[Material provided Boundary: Start]
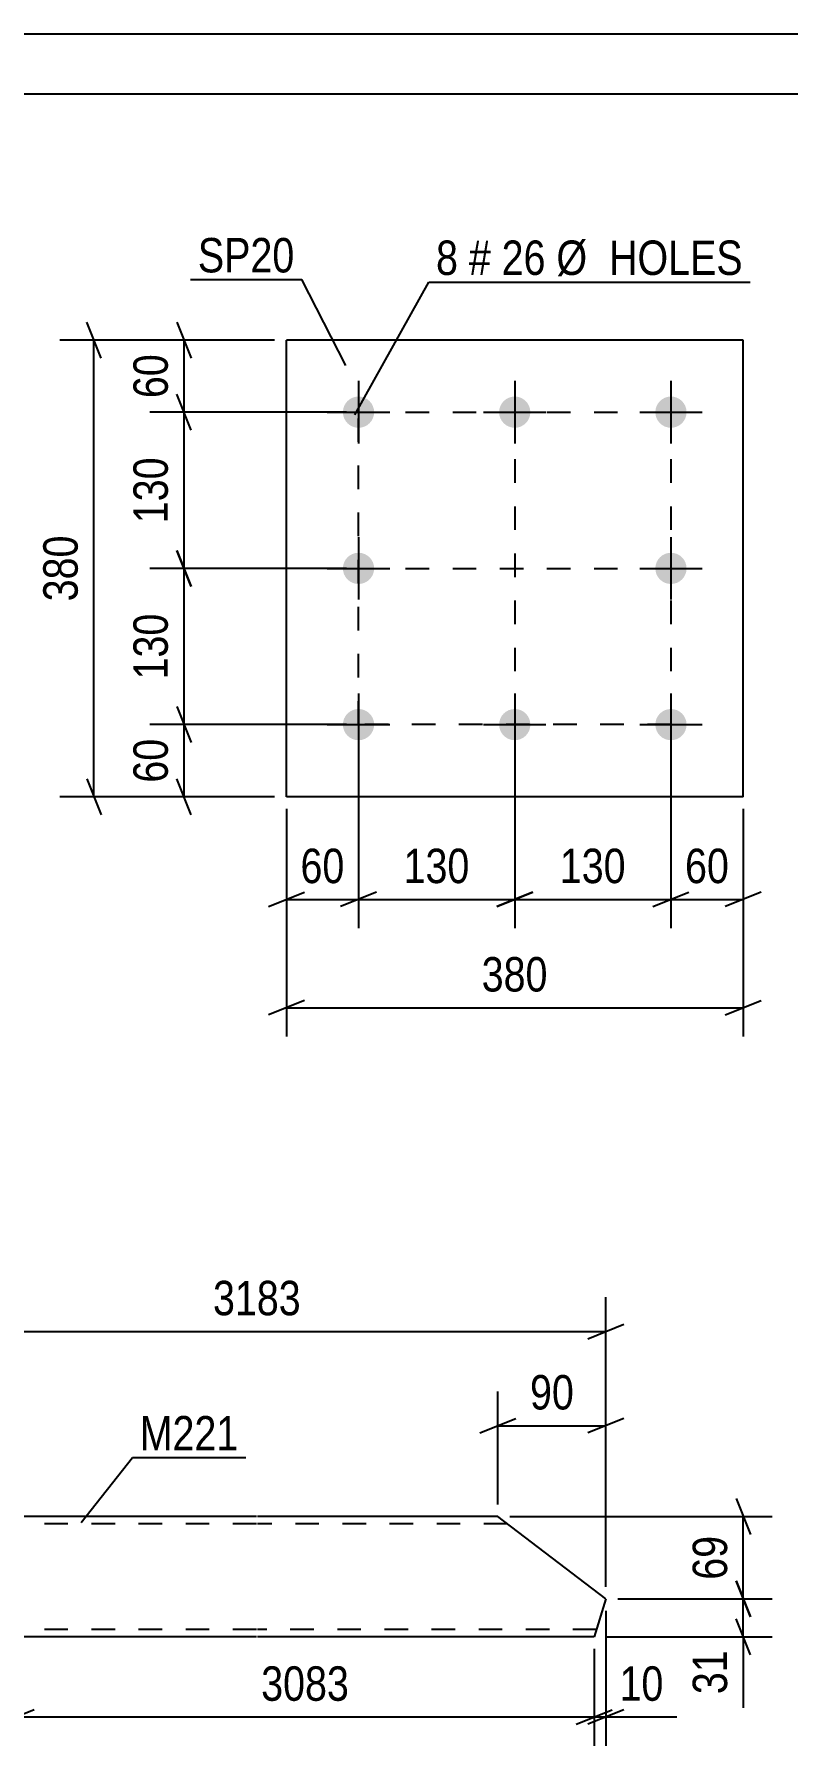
# Model space of a CAD drawing. Header units: millimetres. Extents: x 0 to 420, y 0 to 297.
# Drawn here: x 211.4 to 274.1, y 154.6 to 297 of the extents above; entities that cross this region are included whole.
import ezdxf

# ---------------------------------------------------------------- set-up
doc = ezdxf.new("R2010")
doc.units = ezdxf.units.MM
doc.linetypes.add('DXK_LINE_DOT2', pattern=[3.9198, 1.9599, -1.9599])
doc.styles.add('Arial Narrow', font='ARIALN.TTF', dxfattribs={"height": 0.2})

# ---------------------------------------------------------------- blocks, each defined once
blk = doc.blocks.new('Unknown-122571602-1115')
at = {"color": 5, "linetype": 'Continuous'}
for p, q in [((420, 297), (0, 297)), ((415, 292), (5, 292))]:
    blk.add_line(p, q, dxfattribs=at)
blk = doc.blocks.new('Part-122571602-7180 - 7174')
at = {"color": 2, "linetype": 'Continuous'}
for p, q in [((200.92, 170.5), (201.91, 173.65)), ((229.92, 173.65), (201.91, 173.65)), ((250.02, 173.65), (230.02, 173.65)), ((259.01, 166.79), (250.02, 173.65)), ((209.92, 163.65), (200.92, 170.5)), ((259.01, 166.79), (258.03, 163.65)), ((229.92, 163.65), (209.92, 163.65)), ((258.03, 163.65), (230.02, 163.65))]:
    blk.add_line(p, q, dxfattribs=at)
at = {"color": 7, "linetype": 'DXK_LINE_DOT2'}
for p, q in [((229.92, 173.05), (201.72, 173.05)), ((250.81, 173.05), (230.02, 173.05)), ((229.92, 164.25), (209.13, 164.25)), ((258.22, 164.25), (230.02, 164.25))]:
    blk.add_line(p, q, dxfattribs=at)
blk = doc.blocks.new('Bolt-122571602-7807 - 7773')
at = {"linetype": 'Continuous'}
for points in [[(238.42, 266.85, -1), (238.42, 264.25, -1)], [(251.42, 266.85, -1), (251.42, 264.25, -1)], [(264.42, 266.85, -1), (264.42, 264.25, -1)], [(238.42, 253.85, -1), (238.42, 251.25, -1)], [(264.42, 253.85, -1), (264.42, 251.25, -1)], [(238.42, 240.85, -1), (238.42, 238.25, -1)], [(251.42, 240.85, -1), (251.42, 238.25, -1)], [(264.42, 240.85, -1), (264.42, 238.25, -1)]]:
    blk.add_hatch(color=1, dxfattribs=at).paths.add_polyline_path(points)
at = {"color": 1, "linetype": 'Continuous'}
for p, q in [((238.42, 268.15), (238.42, 262.95)), ((251.42, 268.15), (251.42, 262.95)), ((264.42, 268.15), (264.42, 262.95)), ((235.82, 265.55), (241.02, 265.55)), ((248.82, 265.55), (254.02, 265.55)), ((261.82, 265.55), (267.02, 265.55)), ((238.42, 255.15), (238.42, 249.95)), ((264.42, 255.15), (264.42, 249.95)), ((235.82, 252.55), (241.02, 252.55)), ((261.82, 252.55), (267.02, 252.55)), ((238.42, 242.15), (238.42, 236.95)), ((251.42, 242.15), (251.42, 236.95)), ((264.42, 242.15), (264.42, 236.95)), ((235.82, 239.55), (241.02, 239.55)), ((248.82, 239.55), (254.02, 239.55)), ((261.82, 239.55), (267.02, 239.55))]:
    blk.add_line(p, q, dxfattribs=at)
blk = doc.blocks.new('Part-122571602-7812 - 7773')
at = {"color": 2, "linetype": 'Continuous'}
for p, q in [((270.42, 271.55), (232.42, 271.55)), ((232.42, 233.55), (232.42, 271.55)), ((270.42, 233.55), (270.42, 271.55)), ((270.42, 233.55), (232.42, 233.55))]:
    blk.add_line(p, q, dxfattribs=at)
blk = doc.blocks.new('Rectangle-122571602-7899 - 7773')
at = {"color": 1, "linetype": 'DXK_LINE_DOT2'}
blk.add_lwpolyline([(238.42, 265.55), (264.42, 265.55), (264.42, 239.55), (238.42, 239.55), (238.42, 265.55)], close=True, dxfattribs=at)
blk = doc.blocks.new('Line-122571602-7885 - 7773')
at = {"color": 1, "linetype": 'DXK_LINE_DOT2'}
blk.add_line((238.42, 252.55), (264.42, 252.55), dxfattribs=at)
blk = doc.blocks.new('Line-122571602-7892 - 7773')
at = {"color": 1, "linetype": 'DXK_LINE_DOT2'}
blk.add_line((251.42, 265.55), (251.42, 239.55), dxfattribs=at)
blk = doc.blocks.new('StraightDimension-122571602-7183 - 7174')
at = {"color": 7, "linetype": 'Continuous'}
for p, q in [((250.02, 174.65), (250.02, 184.06)), ((259.01, 167.79), (259.01, 184.06)), ((248.52, 180.61), (251.52, 181.81)), ((250.02, 181.21), (259.01, 181.21)), ((260.51, 181.81), (257.51, 180.61))]:
    blk.add_line(p, q, dxfattribs=at)
at = {"color": 0}
blk.add_wipeout([(256.94, 181.96), (256.94, 186.16), (252.09, 186.16), (252.09, 181.96)], dxfattribs=at)
at = {"color": 3, "style": 'Arial Narrow'}
blk.add_text('90', height=2.863, dxfattribs=at).set_placement((252.69, 182.56))
blk = doc.blocks.new('StraightDimension-122571602-7257 - 7174')
at = {"color": 7, "linetype": 'Continuous'}
for p, q in [((259.01, 165.79), (259.01, 154.57)), ((258.03, 162.65), (258.03, 154.57)), ((256.53, 156.37), (259.53, 157.57)), ((260.51, 157.57), (257.51, 156.37)), ((258.03, 156.97), (259.01, 156.97)), ((259.01, 156.97), (264.92, 156.97)), ((259.01, 156.97), (264.92, 156.97))]:
    blk.add_line(p, q, dxfattribs=at)
at = {"color": 0}
blk.add_wipeout([(264.39, 157.72), (264.39, 161.92), (259.54, 161.92), (259.54, 157.72)], dxfattribs=at)
at = {"color": 3, "style": 'Arial Narrow'}
blk.add_text('10', height=2.863, dxfattribs=at).set_placement((260.14, 158.32))
blk = doc.blocks.new('StraightDimension-122571602-7237 - 7174')
at = {"color": 7, "linetype": 'Continuous'}
for p, q in [((209.92, 162.65), (209.92, 154.57)), ((258.03, 162.65), (258.03, 154.57)), ((211.42, 157.57), (208.42, 156.37)), ((209.92, 156.97), (258.03, 156.97)), ((256.53, 156.37), (259.53, 157.57))]:
    blk.add_line(p, q, dxfattribs=at)
at = {"color": 0}
blk.add_wipeout([(238.23, 157.72), (238.23, 161.92), (229.72, 161.92), (229.72, 157.72)], dxfattribs=at)
at = {"color": 3, "style": 'Arial Narrow'}
blk.add_text('3083', height=2.863, dxfattribs=at).set_placement((230.32, 158.32))
blk = doc.blocks.new('StraightDimension-122571602-7302 - 7174')
at = {"color": 7, "linetype": 'Continuous'}
for p, q in [((269.84, 168.29), (271.04, 165.29)), ((260.01, 166.79), (272.84, 166.79)), ((270.44, 163.65), (270.44, 166.79)), ((271.04, 162.15), (269.84, 165.15)), ((259.03, 163.65), (272.84, 163.65)), ((270.44, 163.65), (270.44, 157.74)), ((270.44, 163.65), (270.44, 157.74))]:
    blk.add_line(p, q, dxfattribs=at)
at = {"color": 0}
blk.add_wipeout([(269.69, 163.12), (265.49, 163.12), (265.49, 158.27), (269.69, 158.27)], dxfattribs=at)
at = {"color": 3, "style": 'Arial Narrow'}
blk.add_text('31', height=2.863, rotation=90.0002, dxfattribs=at).set_placement((269.09, 158.87))
blk = doc.blocks.new('StraightDimension-122571602-7322 - 7174')
at = {"color": 7, "linetype": 'Continuous'}
for p, q in [((269.84, 175.15), (271.04, 172.15)), ((251.02, 173.65), (272.84, 173.65)), ((270.44, 166.79), (270.44, 173.65)), ((271.04, 165.29), (269.84, 168.29)), ((260.01, 166.79), (272.84, 166.79))]:
    blk.add_line(p, q, dxfattribs=at)
at = {"color": 0}
blk.add_wipeout([(269.69, 172.65), (265.49, 172.65), (265.49, 167.79), (269.69, 167.79)], dxfattribs=at)
at = {"color": 3, "style": 'Arial Narrow'}
blk.add_text('69', height=2.863, rotation=90.0002, dxfattribs=at).set_placement((269.09, 168.39))
blk = doc.blocks.new('StraightDimension-122571602-7393 - 7174')
at = {"color": 7, "linetype": 'Continuous'}
for p, q in [((200.92, 171.5), (200.92, 191.9)), ((259.01, 167.79), (259.01, 191.9)), ((202.42, 189.65), (199.42, 188.45)), ((257.51, 188.45), (260.51, 189.65)), ((200.92, 189.05), (259.01, 189.05))]:
    blk.add_line(p, q, dxfattribs=at)
at = {"color": 0}
blk.add_wipeout([(234.22, 189.8), (234.22, 194), (225.71, 194), (225.71, 189.8)], dxfattribs=at)
at = {"color": 3, "style": 'Arial Narrow'}
blk.add_text('3183', height=2.863, dxfattribs=at).set_placement((226.31, 190.4))
blk = doc.blocks.new('StraightDimension-122571602-7872 - 7773')
at = {"color": 7, "linetype": 'Continuous'}
for p, q in [((238.42, 238.55), (238.42, 222.61)), ((251.42, 238.55), (251.42, 222.61)), ((239.92, 225.61), (236.92, 224.41)), ((249.92, 224.41), (252.92, 225.61)), ((238.42, 225.01), (251.42, 225.01))]:
    blk.add_line(p, q, dxfattribs=at)
at = {"color": 0}
blk.add_wipeout([(248.26, 225.76), (248.26, 229.96), (241.57, 229.96), (241.57, 225.76)], dxfattribs=at)
at = {"color": 3, "style": 'Arial Narrow'}
blk.add_text('130', height=2.863, dxfattribs=at).set_placement((242.17, 226.36))
blk = doc.blocks.new('StraightDimension-122571602-7814 - 7773')
at = {"color": 7, "linetype": 'Continuous'}
for p, q in [((223.3, 241.05), (224.5, 238.05)), ((237.42, 239.55), (221.05, 239.55)), ((223.9, 233.55), (223.9, 239.55)), ((224.5, 232.05), (223.3, 235.05)), ((231.42, 233.55), (221.05, 233.55))]:
    blk.add_line(p, q, dxfattribs=at)
at = {"color": 0}
blk.add_wipeout([(223.15, 238.98), (218.95, 238.98), (218.95, 234.12), (223.15, 234.12)], dxfattribs=at)
at = {"color": 3, "style": 'Arial Narrow'}
blk.add_text('60', height=2.863, rotation=90.0002, dxfattribs=at).set_placement((222.55, 234.72))
blk = doc.blocks.new('StraightDimension-122571602-7824 - 7773')
at = {"color": 7, "linetype": 'Continuous'}
for p, q in [((223.3, 273.05), (224.5, 270.05)), ((231.42, 271.55), (221.05, 271.55)), ((223.9, 265.55), (223.9, 271.55)), ((224.5, 264.05), (223.3, 267.05)), ((237.42, 265.55), (221.05, 265.55))]:
    blk.add_line(p, q, dxfattribs=at)
at = {"color": 0}
blk.add_wipeout([(223.15, 270.98), (218.95, 270.98), (218.95, 266.12), (223.15, 266.12)], dxfattribs=at)
at = {"color": 3, "style": 'Arial Narrow'}
blk.add_text('60', height=2.863, rotation=90.0002, dxfattribs=at).set_placement((222.55, 266.72))
blk = doc.blocks.new('StraightDimension-122571602-7834 - 7773')
at = {"color": 7, "linetype": 'Continuous'}
for p, q in [((224.5, 264.05), (223.3, 267.05)), ((237.42, 265.55), (221.05, 265.55)), ((223.9, 252.55), (223.9, 265.55)), ((223.3, 254.05), (224.5, 251.05)), ((237.42, 252.55), (221.05, 252.55))]:
    blk.add_line(p, q, dxfattribs=at)
at = {"color": 0}
blk.add_wipeout([(223.15, 262.39), (218.95, 262.39), (218.95, 255.71), (223.15, 255.71)], dxfattribs=at)
at = {"color": 3, "style": 'Arial Narrow'}
blk.add_text('130', height=2.863, rotation=90.0002, dxfattribs=at).set_placement((222.55, 256.31))
blk = doc.blocks.new('StraightDimension-122571602-7836 - 7773')
at = {"color": 7, "linetype": 'Continuous'}
for p, q in [((224.5, 251.05), (223.3, 254.05)), ((237.42, 252.55), (221.05, 252.55)), ((223.9, 239.55), (223.9, 252.55)), ((223.3, 241.05), (224.5, 238.05)), ((237.42, 239.55), (221.05, 239.55))]:
    blk.add_line(p, q, dxfattribs=at)
at = {"color": 0}
blk.add_wipeout([(223.15, 249.39), (218.95, 249.39), (218.95, 242.71), (223.15, 242.71)], dxfattribs=at)
at = {"color": 3, "style": 'Arial Narrow'}
blk.add_text('130', height=2.863, rotation=90.0002, dxfattribs=at).set_placement((222.55, 243.31))
blk = doc.blocks.new('StraightDimension-122571602-7839 - 7773')
at = {"color": 7, "linetype": 'Continuous'}
for p, q in [((217, 270.05), (215.8, 273.05)), ((231.42, 271.55), (213.55, 271.55)), ((216.4, 233.55), (216.4, 271.55)), ((215.8, 235.05), (217, 232.05)), ((231.42, 233.55), (213.55, 233.55))]:
    blk.add_line(p, q, dxfattribs=at)
at = {"color": 0}
blk.add_wipeout([(215.65, 255.89), (211.45, 255.89), (211.45, 249.21), (215.65, 249.21)], dxfattribs=at)
at = {"color": 3, "style": 'Arial Narrow'}
blk.add_text('380', height=2.863, rotation=90.0002, dxfattribs=at).set_placement((215.05, 249.81))
blk = doc.blocks.new('StraightDimension-122571602-7850 - 7773')
at = {"color": 7, "linetype": 'Continuous'}
for p, q in [((264.42, 238.55), (264.42, 222.61)), ((270.42, 232.55), (270.42, 222.61)), ((262.92, 224.41), (265.92, 225.61)), ((271.92, 225.61), (268.92, 224.41)), ((264.42, 225.01), (270.42, 225.01))]:
    blk.add_line(p, q, dxfattribs=at)
at = {"color": 0}
blk.add_wipeout([(269.85, 225.76), (269.85, 229.96), (264.99, 229.96), (264.99, 225.76)], dxfattribs=at)
at = {"color": 3, "style": 'Arial Narrow'}
blk.add_text('60', height=2.863, dxfattribs=at).set_placement((265.59, 226.36))
blk = doc.blocks.new('StraightDimension-122571602-7860 - 7773')
at = {"color": 7, "linetype": 'Continuous'}
for p, q in [((238.42, 238.55), (238.42, 222.61)), ((232.42, 232.55), (232.42, 222.61)), ((230.92, 224.41), (233.92, 225.61)), ((239.92, 225.61), (236.92, 224.41)), ((232.42, 225.01), (238.42, 225.01))]:
    blk.add_line(p, q, dxfattribs=at)
at = {"color": 0}
blk.add_wipeout([(237.85, 225.76), (237.85, 229.96), (232.99, 229.96), (232.99, 225.76)], dxfattribs=at)
at = {"color": 3, "style": 'Arial Narrow'}
blk.add_text('60', height=2.863, dxfattribs=at).set_placement((233.59, 226.36))
blk = doc.blocks.new('StraightDimension-122571602-7870 - 7773')
at = {"color": 7, "linetype": 'Continuous'}
for p, q in [((251.42, 238.55), (251.42, 222.61)), ((264.42, 238.55), (264.42, 222.61)), ((252.92, 225.61), (249.92, 224.41)), ((262.92, 224.41), (265.92, 225.61)), ((251.42, 225.01), (264.42, 225.01))]:
    blk.add_line(p, q, dxfattribs=at)
at = {"color": 0}
blk.add_wipeout([(261.26, 225.76), (261.26, 229.96), (254.57, 229.96), (254.57, 225.76)], dxfattribs=at)
at = {"color": 3, "style": 'Arial Narrow'}
blk.add_text('130', height=2.863, dxfattribs=at).set_placement((255.17, 226.36))
blk = doc.blocks.new('StraightDimension-122571602-7875 - 7773')
at = {"color": 7, "linetype": 'Continuous'}
for p, q in [((232.42, 232.55), (232.42, 213.59)), ((270.42, 232.55), (270.42, 213.59)), ((233.92, 216.59), (230.92, 215.39)), ((268.92, 215.39), (271.92, 216.59)), ((232.42, 215.99), (270.42, 215.99))]:
    blk.add_line(p, q, dxfattribs=at)
at = {"color": 0}
blk.add_wipeout([(254.76, 216.74), (254.76, 220.94), (248.07, 220.94), (248.07, 216.74)], dxfattribs=at)
at = {"color": 3, "style": 'Arial Narrow'}
blk.add_text('380', height=2.863, dxfattribs=at).set_placement((248.67, 217.34))
blk = doc.blocks.new('Mark-122571602-7176 - 7174')
at = {"color": 0}
blk.add_wipeout([(228.43, 179.15), (228.43, 182.15), (220.21, 182.15), (220.21, 179.15)], dxfattribs=at)
blk.add_wipeout([(228.43, 179.15), (228.43, 182.15), (220.21, 182.15), (220.21, 179.15)], dxfattribs=at)
at = {"color": 30, "linetype": 'Continuous'}
for p, q in [((215.34, 173.15), (219.61, 178.55)), ((219.61, 178.55), (229.03, 178.55))]:
    blk.add_line(p, q, dxfattribs=at)
at = {"color": 3, "style": 'Arial Narrow'}
blk.add_text('M221', height=2.863, dxfattribs=at).set_placement((220.21, 179.15))
blk = doc.blocks.new('Mark-122571602-7803 - 7773')
at = {"color": 0}
for points in [[(246.7, 276.97), (246.7, 279.97), (244.87, 279.97), (244.87, 276.97)], [(249.43, 276.97), (249.43, 279.97), (247.6, 279.97), (247.6, 276.97)], [(253.99, 276.97), (253.99, 279.97), (250.33, 279.97), (250.33, 276.97)], [(270.41, 276.97), (270.41, 279.97), (254.89, 279.97), (254.89, 276.97)]]:
    blk.add_wipeout(points, dxfattribs=at)
for points in [[(246.7, 276.97), (246.7, 279.97), (244.87, 279.97), (244.87, 276.97)], [(249.43, 276.97), (249.43, 279.97), (247.6, 279.97), (247.6, 276.97)], [(253.99, 276.97), (253.99, 279.97), (250.33, 279.97), (250.33, 276.97)], [(270.41, 276.97), (270.41, 279.97), (254.89, 279.97), (254.89, 276.97)]]:
    blk.add_wipeout(points, dxfattribs=at)
at = {"color": 7, "linetype": 'Continuous'}
for p, q in [((238.11, 265.34), (244.27, 276.37)), ((244.27, 276.37), (271.01, 276.37))]:
    blk.add_line(p, q, dxfattribs=at)
at = {"color": 3, "style": 'Arial Narrow'}
for s, height, p in [('8', 2.86, (244.87, 276.97)), ('#', 2.86, (247.6, 276.97)), ('26', 2.863, (250.33, 276.97)), ('Ø  HOLES', 2.863, (254.89, 276.97))]:
    blk.add_text(s, height=height, dxfattribs=at).set_placement(p)
blk = doc.blocks.new('Mark-122571602-7808 - 7773')
at = {"color": 0}
blk.add_wipeout([(233.09, 277.18), (233.09, 280.18), (225.05, 280.18), (225.05, 277.18)], dxfattribs=at)
blk.add_wipeout([(233.09, 277.18), (233.09, 280.18), (225.05, 280.18), (225.05, 277.18)], dxfattribs=at)
at = {"color": 30, "linetype": 'Continuous'}
for p in [(224.45, 276.58), (237.35, 269.44)]:
    blk.add_line(p, (233.69, 276.58), dxfattribs=at)
at = {"color": 3, "style": 'Arial Narrow'}
blk.add_text('SP20', height=2.863, dxfattribs=at).set_placement((225.05, 277.18))

msp = doc.modelspace()

# ---------------------------------------------------------------- block references
for name in ['Unknown-122571602-1115', 'Part-122571602-7812 - 7773', 'Bolt-122571602-7807 - 7773', 'Rectangle-122571602-7899 - 7773', 'Line-122571602-7892 - 7773', 'Line-122571602-7885 - 7773', 'Part-122571602-7180 - 7174']:
    msp.add_blockref(name, (0, 0))

# ---------------------------------------------------------------- next in the draw order: block references
for name in ['StraightDimension-122571602-7824 - 7773', 'StraightDimension-122571602-7872 - 7773', 'StraightDimension-122571602-7850 - 7773', 'StraightDimension-122571602-7183 - 7174', 'StraightDimension-122571602-7257 - 7174']:
    msp.add_blockref(name, (0, 0))

# ---------------------------------------------------------------- next in the draw order: block references
for name in ['StraightDimension-122571602-7834 - 7773', 'StraightDimension-122571602-7814 - 7773', 'StraightDimension-122571602-7870 - 7773', 'StraightDimension-122571602-7237 - 7174']:
    msp.add_blockref(name, (0, 0))

# ---------------------------------------------------------------- next in the draw order: block references
for name in ['Mark-122571602-7803 - 7773', 'StraightDimension-122571602-7836 - 7773', 'StraightDimension-122571602-7302 - 7174']:
    msp.add_blockref(name, (0, 0))

# ---------------------------------------------------------------- next in the draw order: block references
for name in ['StraightDimension-122571602-7839 - 7773', 'StraightDimension-122571602-7322 - 7174']:
    msp.add_blockref(name, (0, 0))

# ---------------------------------------------------------------- next in the draw order: block references
for name in ['Mark-122571602-7808 - 7773', 'StraightDimension-122571602-7860 - 7773', 'StraightDimension-122571602-7393 - 7174']:
    msp.add_blockref(name, (0, 0))

# ---------------------------------------------------------------- next in the draw order: block references
for name in ['StraightDimension-122571602-7875 - 7773', 'Mark-122571602-7176 - 7174']:
    msp.add_blockref(name, (0, 0))

doc.saveas('drawing.dxf')
[Material provided Boundary: End]
__About this task__:
Copy out the lines above with "ezdxf" in them.

__Written reply__:
import ezdxf
doc = ezdxf.new("R2010")
doc.units = ezdxf.units.MM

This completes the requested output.